Not one to sit on its laurels, the evolution of the venue and its programs is ongoing. Just this past summer, the facility dramatically upgraded its sound system in the main hall, the 851-seat Stage One. All speakers and amplification are by d&b audiotechnik, a top-tier brand in the industry. "If it were a car, it would be a Ferrari," notes Eduardo Garza, the Interim Technical Director for the Harris Center, who oversaw the system's installation. "The line array technology delivers more clarity, and the d&b Array Processing tailors the sound to the actual shape of the hall, resulting in uniformly excellent sound quality for all seats. You cannot go to another theater now and have better sound."

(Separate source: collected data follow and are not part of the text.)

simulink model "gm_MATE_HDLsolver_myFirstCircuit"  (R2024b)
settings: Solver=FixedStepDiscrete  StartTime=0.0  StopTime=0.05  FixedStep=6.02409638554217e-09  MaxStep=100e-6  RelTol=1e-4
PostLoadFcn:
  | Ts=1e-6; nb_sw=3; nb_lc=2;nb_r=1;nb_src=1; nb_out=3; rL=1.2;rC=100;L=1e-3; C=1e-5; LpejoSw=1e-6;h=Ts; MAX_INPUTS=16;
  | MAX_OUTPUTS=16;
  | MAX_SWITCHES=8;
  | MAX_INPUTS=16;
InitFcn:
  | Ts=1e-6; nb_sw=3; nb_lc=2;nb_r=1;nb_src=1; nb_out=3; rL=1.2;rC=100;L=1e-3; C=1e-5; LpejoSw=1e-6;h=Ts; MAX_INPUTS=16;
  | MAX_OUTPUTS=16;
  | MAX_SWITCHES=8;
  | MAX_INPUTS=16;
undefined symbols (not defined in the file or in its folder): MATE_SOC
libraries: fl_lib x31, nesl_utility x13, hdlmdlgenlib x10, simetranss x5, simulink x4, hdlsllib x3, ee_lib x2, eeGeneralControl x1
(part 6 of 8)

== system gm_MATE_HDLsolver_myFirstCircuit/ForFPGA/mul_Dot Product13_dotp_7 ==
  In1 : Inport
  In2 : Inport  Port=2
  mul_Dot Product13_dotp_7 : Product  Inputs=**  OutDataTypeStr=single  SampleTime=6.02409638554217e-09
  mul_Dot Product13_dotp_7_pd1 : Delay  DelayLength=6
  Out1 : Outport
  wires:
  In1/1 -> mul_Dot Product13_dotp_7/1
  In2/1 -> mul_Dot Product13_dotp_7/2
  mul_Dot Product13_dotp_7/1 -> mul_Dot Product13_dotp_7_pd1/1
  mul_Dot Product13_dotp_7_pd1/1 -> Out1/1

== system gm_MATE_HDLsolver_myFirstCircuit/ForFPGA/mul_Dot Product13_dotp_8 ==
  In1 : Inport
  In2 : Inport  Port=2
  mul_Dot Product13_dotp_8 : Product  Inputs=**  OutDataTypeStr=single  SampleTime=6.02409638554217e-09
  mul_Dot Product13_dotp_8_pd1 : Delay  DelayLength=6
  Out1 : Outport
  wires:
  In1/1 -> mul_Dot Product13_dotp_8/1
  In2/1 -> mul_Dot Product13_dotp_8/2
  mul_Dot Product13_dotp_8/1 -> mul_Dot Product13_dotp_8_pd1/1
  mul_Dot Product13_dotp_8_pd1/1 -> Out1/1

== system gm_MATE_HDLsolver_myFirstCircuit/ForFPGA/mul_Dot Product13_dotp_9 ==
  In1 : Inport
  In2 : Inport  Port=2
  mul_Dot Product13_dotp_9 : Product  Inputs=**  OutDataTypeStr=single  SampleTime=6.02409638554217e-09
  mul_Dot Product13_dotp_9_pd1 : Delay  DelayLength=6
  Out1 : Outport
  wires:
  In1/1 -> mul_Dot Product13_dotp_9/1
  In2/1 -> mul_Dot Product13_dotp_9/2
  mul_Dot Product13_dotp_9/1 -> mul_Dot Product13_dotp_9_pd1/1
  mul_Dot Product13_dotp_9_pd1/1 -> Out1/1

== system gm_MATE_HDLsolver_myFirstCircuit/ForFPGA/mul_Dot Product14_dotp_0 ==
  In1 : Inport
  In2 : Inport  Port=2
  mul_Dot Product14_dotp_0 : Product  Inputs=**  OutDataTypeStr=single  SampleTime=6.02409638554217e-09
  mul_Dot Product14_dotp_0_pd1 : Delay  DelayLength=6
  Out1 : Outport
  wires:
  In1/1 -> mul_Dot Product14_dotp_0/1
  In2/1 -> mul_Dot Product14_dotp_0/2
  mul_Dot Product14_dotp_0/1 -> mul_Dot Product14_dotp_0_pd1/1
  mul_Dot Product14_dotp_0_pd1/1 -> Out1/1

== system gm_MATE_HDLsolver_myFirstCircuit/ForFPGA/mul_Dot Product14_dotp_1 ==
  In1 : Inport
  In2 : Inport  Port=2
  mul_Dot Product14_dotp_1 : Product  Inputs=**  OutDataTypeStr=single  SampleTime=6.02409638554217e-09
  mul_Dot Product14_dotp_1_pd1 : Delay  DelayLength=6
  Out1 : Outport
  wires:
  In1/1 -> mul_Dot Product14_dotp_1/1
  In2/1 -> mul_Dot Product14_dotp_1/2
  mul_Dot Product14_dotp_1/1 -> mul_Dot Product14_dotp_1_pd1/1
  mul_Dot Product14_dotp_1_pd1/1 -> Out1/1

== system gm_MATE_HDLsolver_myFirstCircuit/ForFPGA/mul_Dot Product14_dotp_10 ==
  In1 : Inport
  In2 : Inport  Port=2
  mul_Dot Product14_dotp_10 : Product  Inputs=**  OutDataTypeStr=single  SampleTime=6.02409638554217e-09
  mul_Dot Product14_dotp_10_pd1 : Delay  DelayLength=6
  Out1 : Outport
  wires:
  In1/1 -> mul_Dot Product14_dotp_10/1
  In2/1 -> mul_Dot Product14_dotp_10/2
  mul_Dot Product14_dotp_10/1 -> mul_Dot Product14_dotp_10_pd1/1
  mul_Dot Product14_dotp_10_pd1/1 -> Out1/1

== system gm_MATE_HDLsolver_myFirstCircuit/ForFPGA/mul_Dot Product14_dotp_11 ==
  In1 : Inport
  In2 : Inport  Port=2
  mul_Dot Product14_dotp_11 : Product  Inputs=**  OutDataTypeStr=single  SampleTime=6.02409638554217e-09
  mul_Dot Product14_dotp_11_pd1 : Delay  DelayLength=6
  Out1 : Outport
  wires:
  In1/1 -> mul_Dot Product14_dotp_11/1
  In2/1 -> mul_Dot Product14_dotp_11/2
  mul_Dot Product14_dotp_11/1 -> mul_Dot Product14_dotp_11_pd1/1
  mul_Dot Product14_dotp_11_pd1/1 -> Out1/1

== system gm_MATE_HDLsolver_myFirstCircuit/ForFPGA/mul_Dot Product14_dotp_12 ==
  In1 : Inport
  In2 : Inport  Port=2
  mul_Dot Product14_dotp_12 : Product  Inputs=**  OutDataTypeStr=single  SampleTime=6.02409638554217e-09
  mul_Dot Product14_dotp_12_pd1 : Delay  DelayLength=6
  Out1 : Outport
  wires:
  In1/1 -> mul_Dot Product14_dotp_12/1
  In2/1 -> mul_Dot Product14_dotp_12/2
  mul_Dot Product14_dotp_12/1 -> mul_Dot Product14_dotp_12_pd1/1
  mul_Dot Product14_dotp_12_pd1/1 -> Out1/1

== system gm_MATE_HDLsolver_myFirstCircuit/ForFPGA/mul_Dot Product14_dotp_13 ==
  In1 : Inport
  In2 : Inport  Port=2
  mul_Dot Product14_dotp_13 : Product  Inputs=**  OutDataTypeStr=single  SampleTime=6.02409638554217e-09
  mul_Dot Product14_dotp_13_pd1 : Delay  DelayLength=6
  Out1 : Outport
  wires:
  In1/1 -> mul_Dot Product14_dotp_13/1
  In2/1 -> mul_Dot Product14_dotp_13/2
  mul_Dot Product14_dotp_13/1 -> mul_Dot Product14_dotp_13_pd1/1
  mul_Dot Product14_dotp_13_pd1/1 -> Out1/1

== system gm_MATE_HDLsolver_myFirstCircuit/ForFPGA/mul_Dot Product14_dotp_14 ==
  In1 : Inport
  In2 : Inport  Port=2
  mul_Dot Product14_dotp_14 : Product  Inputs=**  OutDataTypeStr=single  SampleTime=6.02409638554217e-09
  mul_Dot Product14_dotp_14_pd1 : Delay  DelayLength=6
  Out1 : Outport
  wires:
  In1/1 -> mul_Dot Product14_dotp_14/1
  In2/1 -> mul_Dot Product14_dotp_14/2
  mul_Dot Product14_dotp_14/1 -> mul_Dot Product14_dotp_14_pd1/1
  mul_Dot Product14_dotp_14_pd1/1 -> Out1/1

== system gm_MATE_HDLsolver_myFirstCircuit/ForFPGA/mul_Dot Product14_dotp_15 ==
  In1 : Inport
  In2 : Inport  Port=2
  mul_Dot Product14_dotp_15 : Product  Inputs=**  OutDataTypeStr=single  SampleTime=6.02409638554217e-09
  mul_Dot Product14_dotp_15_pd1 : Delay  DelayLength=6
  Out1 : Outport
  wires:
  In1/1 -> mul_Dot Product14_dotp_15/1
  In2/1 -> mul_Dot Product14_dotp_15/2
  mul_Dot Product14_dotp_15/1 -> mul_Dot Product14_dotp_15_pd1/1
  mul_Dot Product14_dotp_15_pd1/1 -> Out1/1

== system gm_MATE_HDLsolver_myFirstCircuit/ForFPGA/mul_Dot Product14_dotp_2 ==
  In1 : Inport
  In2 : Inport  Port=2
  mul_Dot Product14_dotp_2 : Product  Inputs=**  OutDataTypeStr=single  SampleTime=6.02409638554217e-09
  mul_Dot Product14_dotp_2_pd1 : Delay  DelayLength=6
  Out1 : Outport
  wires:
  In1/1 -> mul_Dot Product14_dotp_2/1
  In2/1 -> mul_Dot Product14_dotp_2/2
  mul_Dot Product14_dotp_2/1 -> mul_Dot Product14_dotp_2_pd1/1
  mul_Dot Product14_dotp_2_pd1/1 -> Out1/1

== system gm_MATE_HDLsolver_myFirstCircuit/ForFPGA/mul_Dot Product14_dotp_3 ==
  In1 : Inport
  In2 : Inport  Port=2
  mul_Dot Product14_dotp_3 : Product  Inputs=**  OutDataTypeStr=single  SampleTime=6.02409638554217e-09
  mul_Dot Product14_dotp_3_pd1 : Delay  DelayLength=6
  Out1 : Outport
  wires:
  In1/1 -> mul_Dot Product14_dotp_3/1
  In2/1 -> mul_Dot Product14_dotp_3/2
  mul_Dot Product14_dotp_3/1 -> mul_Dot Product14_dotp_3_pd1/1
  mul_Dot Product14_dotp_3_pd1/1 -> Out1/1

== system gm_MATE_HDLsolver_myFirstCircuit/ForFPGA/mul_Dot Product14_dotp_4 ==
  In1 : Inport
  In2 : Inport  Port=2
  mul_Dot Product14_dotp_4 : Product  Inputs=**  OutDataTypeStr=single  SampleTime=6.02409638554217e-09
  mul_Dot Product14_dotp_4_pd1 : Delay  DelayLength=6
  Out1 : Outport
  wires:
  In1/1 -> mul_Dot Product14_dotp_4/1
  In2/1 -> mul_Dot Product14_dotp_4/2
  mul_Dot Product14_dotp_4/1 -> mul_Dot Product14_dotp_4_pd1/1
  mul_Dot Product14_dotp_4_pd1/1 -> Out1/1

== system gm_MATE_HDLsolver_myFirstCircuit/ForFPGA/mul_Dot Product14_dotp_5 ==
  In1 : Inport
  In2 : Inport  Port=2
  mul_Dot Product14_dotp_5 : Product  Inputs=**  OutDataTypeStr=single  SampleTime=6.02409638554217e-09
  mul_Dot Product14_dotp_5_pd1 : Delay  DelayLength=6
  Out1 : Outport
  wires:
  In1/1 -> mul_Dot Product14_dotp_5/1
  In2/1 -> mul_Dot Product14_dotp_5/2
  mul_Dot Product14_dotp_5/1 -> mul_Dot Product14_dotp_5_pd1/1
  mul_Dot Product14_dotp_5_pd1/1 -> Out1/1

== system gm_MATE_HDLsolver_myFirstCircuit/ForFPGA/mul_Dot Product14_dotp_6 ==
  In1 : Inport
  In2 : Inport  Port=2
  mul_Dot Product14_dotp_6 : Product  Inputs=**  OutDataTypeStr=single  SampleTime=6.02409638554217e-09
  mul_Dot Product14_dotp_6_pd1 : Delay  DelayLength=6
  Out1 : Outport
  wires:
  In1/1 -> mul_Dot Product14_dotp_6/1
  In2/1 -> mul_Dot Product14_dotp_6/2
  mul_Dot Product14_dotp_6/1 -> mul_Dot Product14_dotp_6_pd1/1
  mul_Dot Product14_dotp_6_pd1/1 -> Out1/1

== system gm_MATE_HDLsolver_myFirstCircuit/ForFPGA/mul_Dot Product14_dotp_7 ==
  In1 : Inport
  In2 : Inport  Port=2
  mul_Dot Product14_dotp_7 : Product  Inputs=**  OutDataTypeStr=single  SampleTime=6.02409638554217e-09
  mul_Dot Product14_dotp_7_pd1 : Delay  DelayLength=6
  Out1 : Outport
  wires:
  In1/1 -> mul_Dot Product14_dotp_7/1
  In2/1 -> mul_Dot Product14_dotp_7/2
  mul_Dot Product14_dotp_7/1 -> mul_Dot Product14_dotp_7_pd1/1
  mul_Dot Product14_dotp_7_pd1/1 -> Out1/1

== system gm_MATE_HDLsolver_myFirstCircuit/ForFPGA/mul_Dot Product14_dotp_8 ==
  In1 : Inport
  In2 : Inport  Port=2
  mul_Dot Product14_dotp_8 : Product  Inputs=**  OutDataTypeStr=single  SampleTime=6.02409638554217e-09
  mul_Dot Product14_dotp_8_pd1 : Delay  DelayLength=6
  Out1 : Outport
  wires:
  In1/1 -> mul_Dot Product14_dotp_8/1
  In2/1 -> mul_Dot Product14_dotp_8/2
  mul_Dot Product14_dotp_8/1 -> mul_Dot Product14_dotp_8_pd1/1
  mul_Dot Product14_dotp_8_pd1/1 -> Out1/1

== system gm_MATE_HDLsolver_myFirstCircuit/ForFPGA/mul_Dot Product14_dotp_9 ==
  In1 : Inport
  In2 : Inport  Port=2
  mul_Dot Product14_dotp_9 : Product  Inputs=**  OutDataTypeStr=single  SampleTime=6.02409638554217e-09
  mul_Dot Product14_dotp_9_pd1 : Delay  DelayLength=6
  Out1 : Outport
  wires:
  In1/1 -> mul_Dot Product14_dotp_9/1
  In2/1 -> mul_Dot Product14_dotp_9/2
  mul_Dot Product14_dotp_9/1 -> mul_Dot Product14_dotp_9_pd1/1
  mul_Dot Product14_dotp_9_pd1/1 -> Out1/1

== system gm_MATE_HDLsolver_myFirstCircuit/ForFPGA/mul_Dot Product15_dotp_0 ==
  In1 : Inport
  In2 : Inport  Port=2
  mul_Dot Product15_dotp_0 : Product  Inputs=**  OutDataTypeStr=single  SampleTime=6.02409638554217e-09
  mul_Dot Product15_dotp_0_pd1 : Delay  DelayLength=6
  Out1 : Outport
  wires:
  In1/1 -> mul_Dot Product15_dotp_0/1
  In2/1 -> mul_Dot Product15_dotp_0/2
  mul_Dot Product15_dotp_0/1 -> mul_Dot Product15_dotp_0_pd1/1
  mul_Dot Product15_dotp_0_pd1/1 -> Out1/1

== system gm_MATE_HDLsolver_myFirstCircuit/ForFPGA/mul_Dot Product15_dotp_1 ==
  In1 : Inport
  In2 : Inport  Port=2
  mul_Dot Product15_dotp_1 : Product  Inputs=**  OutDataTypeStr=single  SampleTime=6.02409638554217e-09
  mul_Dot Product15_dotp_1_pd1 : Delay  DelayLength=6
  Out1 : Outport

In addition, significant improvements to the facility's ticketing system and website are underway and will be unveiled in February, 2019. Additional equipment has been purchased to activate the Center's recording studio, located alongside the 100-seat Scott-Skillman Recital Hall and across from the 200-seat City Studio Theater.

The ranks of Harris Center donor members making annual contributions to support Center operations has grown to over 500, and to secure and expand the Center and its programs' for the long run, larger gifts have begun to come in as well - most notably, from the estate of long-time supporters Sevy and Neva Cimaroli, in recognition of which the Center has established the Cimaroli Society for legacy gifts to the Center.

Dave Pier notes that "the Harris Center has nestled into the community quite comfortably, becoming part of the fabric of everyday life. It's hard to imagine that it wasn't always here, even though we're still less than a decade old. Our future is quite bright."